> [What you should do]
Only one stretch of the listing below is wanted. Give it again exactly, from the line with "arc A2 (215.2199, -8.4929)" through the line with "line L5 (95.8401, 84.0071)".

----- Source records -----

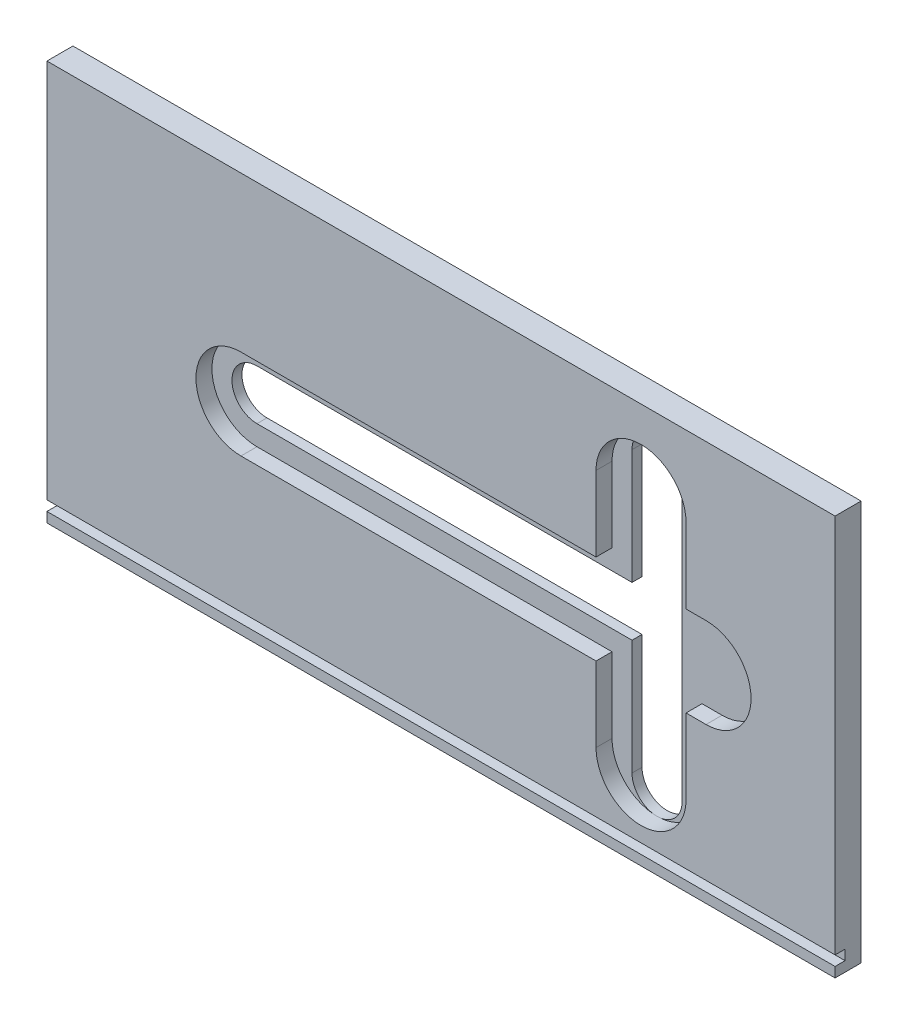
SolidWorks part; units mm, degrees
ref_plane "正面" through (0, 0, 0) normal (0, 0, 1) x (1, 0, 0)
ref_plane "平面" through (0, 0, 0) normal (0, 1, 0) x (1, 0, 0)
ref_plane "右側面" through (0, 0, 0) normal (1, 0, 0) x (0, 0, -1)
sketch "ｽｹｯﾁ1" plane through (0, 0, 0) normal (0, 0, 1) x (1, 0, 0)
  line L1 (-69.2801, 161.5071) -> (324.7199, 161.5071)
  line L2 (-69.2801, 161.5071) -> (-69.2801, -38.4929)
  line L3 (-69.2801, -38.4929) -> (324.7199, -38.4929)
  line L4 (324.7199, 161.5071) -> (324.7199, -38.4929)
  dimension "D1" = 394
  dimension "D3" = 200
extrude "ﾎﾞｽ - 押し出し1" add sketch "ｽｹｯﾁ1" along normal blind 13
sketch "ｽｹｯﾁ2" plane through (0, 0, 13) normal (0, 0, 1) x (1, 0, 0)
  line L0 (324.7199, -38.4929) -> (324.7199, 161.5071) construction
  line L1 (324.7199, -33.4929) -> (-69.2801, -33.4929)
  line L2 (324.7199, -33.4929) -> (324.7199, -28.4929)
  line L3 (324.7199, -28.4929) -> (-69.2801, -28.4929)
  line L4 (-69.2801, -33.4929) -> (-69.2801, -28.4929)
  line L5 (-69.2801, 161.5071) -> (-69.2801, -38.4929) construction
  line L7 (-69.2801, -38.4929) -> (324.7199, -38.4929) construction
  dimension "D1" = 5
  dimension "D2" = 394
  dimension "D3" = 5
extrude "ｶｯﾄ - 押し出し1" cut sketch "ｽｹｯﾁ2" against normal blind 5
sketch "ｽｹｯﾁ3" plane through (0, 0, 13) normal (0, 0, 1) x (1, 0, 0)
  line L0 (27.7199, 61.5071) -> (-69.2801, 61.5071) construction
  line L1 (27.7199, 74.0071) -> (215.2199, 74.0071)
  line L2 (-69.2801, 161.5071) -> (-69.2801, -28.4929) construction
  line L3 (27.7199, 49.0071) -> (215.2199, 49.0071)
  line L4 (215.2199, 131.5071) -> (215.2199, 74.0071)
  line L6 (227.7199, -8.4929) -> (324.7199, -8.4929) construction
  line L8 (96.6525, 74.0071) -> (96.6525, 161.5071) construction
  line L9 (324.7199, 161.5071) -> (-69.2801, 161.5071) construction
  line L10 (111.609, 49.0071) -> (111.609, -38.4929) construction
  line L11 (-69.2801, -38.4929) -> (324.7199, -38.4929) construction
  line L12 (215.2199, 49.0071) -> (215.2199, -8.4929)
  line L13 (324.7199, -28.4929) -> (324.7199, 161.5071) construction
  line L16 (240.2199, 131.5071) -> (240.2199, -8.4929)
  arc A0 (215.2199, 131.5071) -> (240.2199, 131.5071) centre (227.7199, 131.5071) cw
  arc A1 (27.7199, 49.0071) -> (27.7199, 74.0071) centre (27.7199, 61.5071) cw
  arc A2 (215.2199, -8.4929) -> (240.2199, -8.4929) centre (227.7199, -8.4929) ccw
  dimension "D1" = 200
  dimension "D3" = 25
  dimension "D5" = 25
extrude "ｶｯﾄ - 押し出し2" cut sketch "ｽｹｯﾁ3" against normal through all
sketch "ｽｹｯﾁ6" plane through (0, 0, 13) normal (0, 0, 1) x (1, 0, 0)
  line L0 (324.7199, 161.5071) -> (-69.2801, 161.5071) construction
  line L1 (27.7199, 84.0071) -> (205.2199, 84.0071)
  line L2 (27.7199, 39.0071) -> (205.2199, 39.0071)
  line L3 (205.2199, 121.5071) -> (205.2199, 84.0071)
  line L4 (-69.2801, -38.4929) -> (324.7199, -38.4929) construction
  line L5 (95.8401, 84.0071) -> (95.8401, 161.5071) construction
  line L6 (110.7965, 39.0071) -> (110.7965, -38.4929) construction
  line L7 (205.2199, 39.0071) -> (205.2199, 1.5071)
  line L8 (250.2199, 1.5071) -> (250.2199, 39.0071)
  line L9 (27.7199, 61.5071) -> (-69.2801, 61.5071) construction
  line L10 (-69.2801, 161.5071) -> (-69.2801, -28.4929) construction
  line L11 (227.7199, -13.6641) -> (324.7199, -13.6641) construction
  line L12 (324.7199, -28.4929) -> (324.7199, 161.5071) construction
  line L13 (250.2199, 84.0071) -> (260.2199, 84.0071)
  line L14 (250.2199, 39.0071) -> (260.2199, 39.0071)
  line L15 (215.2199, 49.0071) -> (215.2199, -8.4929) construction
  line L16 (250.2199, 84.0071) -> (250.2199, 121.5071)
  arc A0 (27.7199, 84.0071) -> (27.7199, 39.0071) centre (27.7199, 61.5071) ccw
  arc A1 (27.7199, 74.0071) -> (27.7199, 49.0071) centre (27.7199, 61.5071) ccw construction
  arc A2 (205.2199, 121.5071) -> (250.2199, 121.5071) centre (227.7199, 121.5071) cw
  arc A3 (205.2199, 1.5071) -> (250.2199, 1.5071) centre (227.7199, 1.5071) ccw
  arc A4 (240.2199, 131.5071) -> (215.2199, 131.5071) centre (227.7199, 131.5071) ccw construction
  arc A5 (260.2199, 84.0071) -> (260.2199, 39.0071) centre (260.2199, 61.5071) cw
  dimension "D4" = 10
  dimension "D6" = 0
  dimension "D7" = 10
  dimension "D1" = 10
  dimension "D2" = 45
  dimension "D3" = 200
extrude "ｶｯﾄ - 押し出し3" cut sketch "ｽｹｯﾁ6" against normal blind 8

-----

> [Result]
  arc A2 (215.2199, -8.4929) -> (240.2199, -8.4929) centre (227.7199, -8.4929) ccw
  dimension "D1" = 200
  dimension "D3" = 25
  dimension "D5" = 25
extrude "ｶｯﾄ - 押し出し2" cut sketch "ｽｹｯﾁ3" against normal through all
sketch "ｽｹｯﾁ6" plane through (0, 0, 13) normal (0, 0, 1) x (1, 0, 0)
  line L0 (324.7199, 161.5071) -> (-69.2801, 161.5071) construction
  line L1 (27.7199, 84.0071) -> (205.2199, 84.0071)
  line L2 (27.7199, 39.0071) -> (205.2199, 39.0071)
  line L3 (205.2199, 121.5071) -> (205.2199, 84.0071)
  line L4 (-69.2801, -38.4929) -> (324.7199, -38.4929) construction
  line L5 (95.8401, 84.0071) -> (95.8401, 161.5071) construction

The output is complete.